(Data entries)
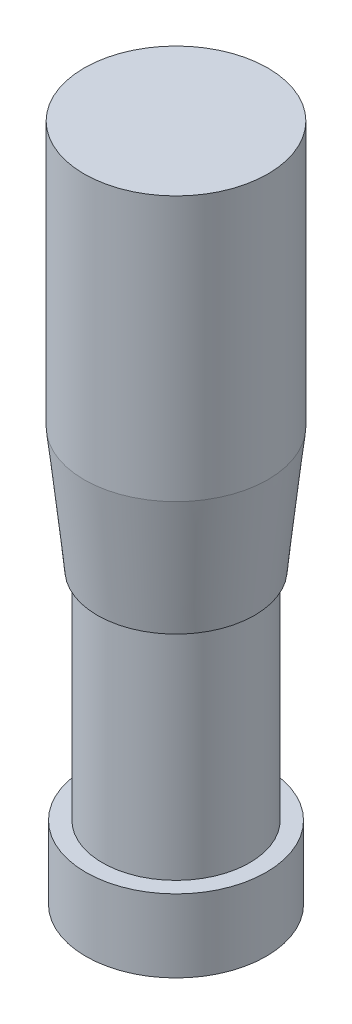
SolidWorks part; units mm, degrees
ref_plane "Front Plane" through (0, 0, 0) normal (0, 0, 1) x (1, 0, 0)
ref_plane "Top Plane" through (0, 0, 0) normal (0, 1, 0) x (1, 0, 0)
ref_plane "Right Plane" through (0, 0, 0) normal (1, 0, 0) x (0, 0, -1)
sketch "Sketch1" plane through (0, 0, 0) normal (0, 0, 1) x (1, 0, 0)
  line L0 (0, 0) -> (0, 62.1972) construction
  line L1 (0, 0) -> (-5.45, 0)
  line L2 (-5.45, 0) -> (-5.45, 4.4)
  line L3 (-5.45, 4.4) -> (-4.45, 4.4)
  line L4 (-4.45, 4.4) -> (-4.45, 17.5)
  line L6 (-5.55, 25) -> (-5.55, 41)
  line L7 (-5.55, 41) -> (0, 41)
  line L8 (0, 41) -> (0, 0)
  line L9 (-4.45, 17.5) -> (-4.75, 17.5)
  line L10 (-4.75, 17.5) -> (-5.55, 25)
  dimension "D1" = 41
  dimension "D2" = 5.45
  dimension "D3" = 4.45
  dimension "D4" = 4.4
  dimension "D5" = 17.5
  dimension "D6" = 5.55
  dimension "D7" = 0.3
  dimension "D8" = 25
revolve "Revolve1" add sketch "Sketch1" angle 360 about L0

> [TASK TO CARRY OUT]: Read the data above and pull out each line that holds the string "dimension".

> [FINISHED TASK]:
  dimension "D1" = 41
  dimension "D2" = 5.45
  dimension "D3" = 4.45
  dimension "D4" = 4.4
  dimension "D5" = 17.5
  dimension "D6" = 5.55
  dimension "D7" = 0.3
  dimension "D8" = 25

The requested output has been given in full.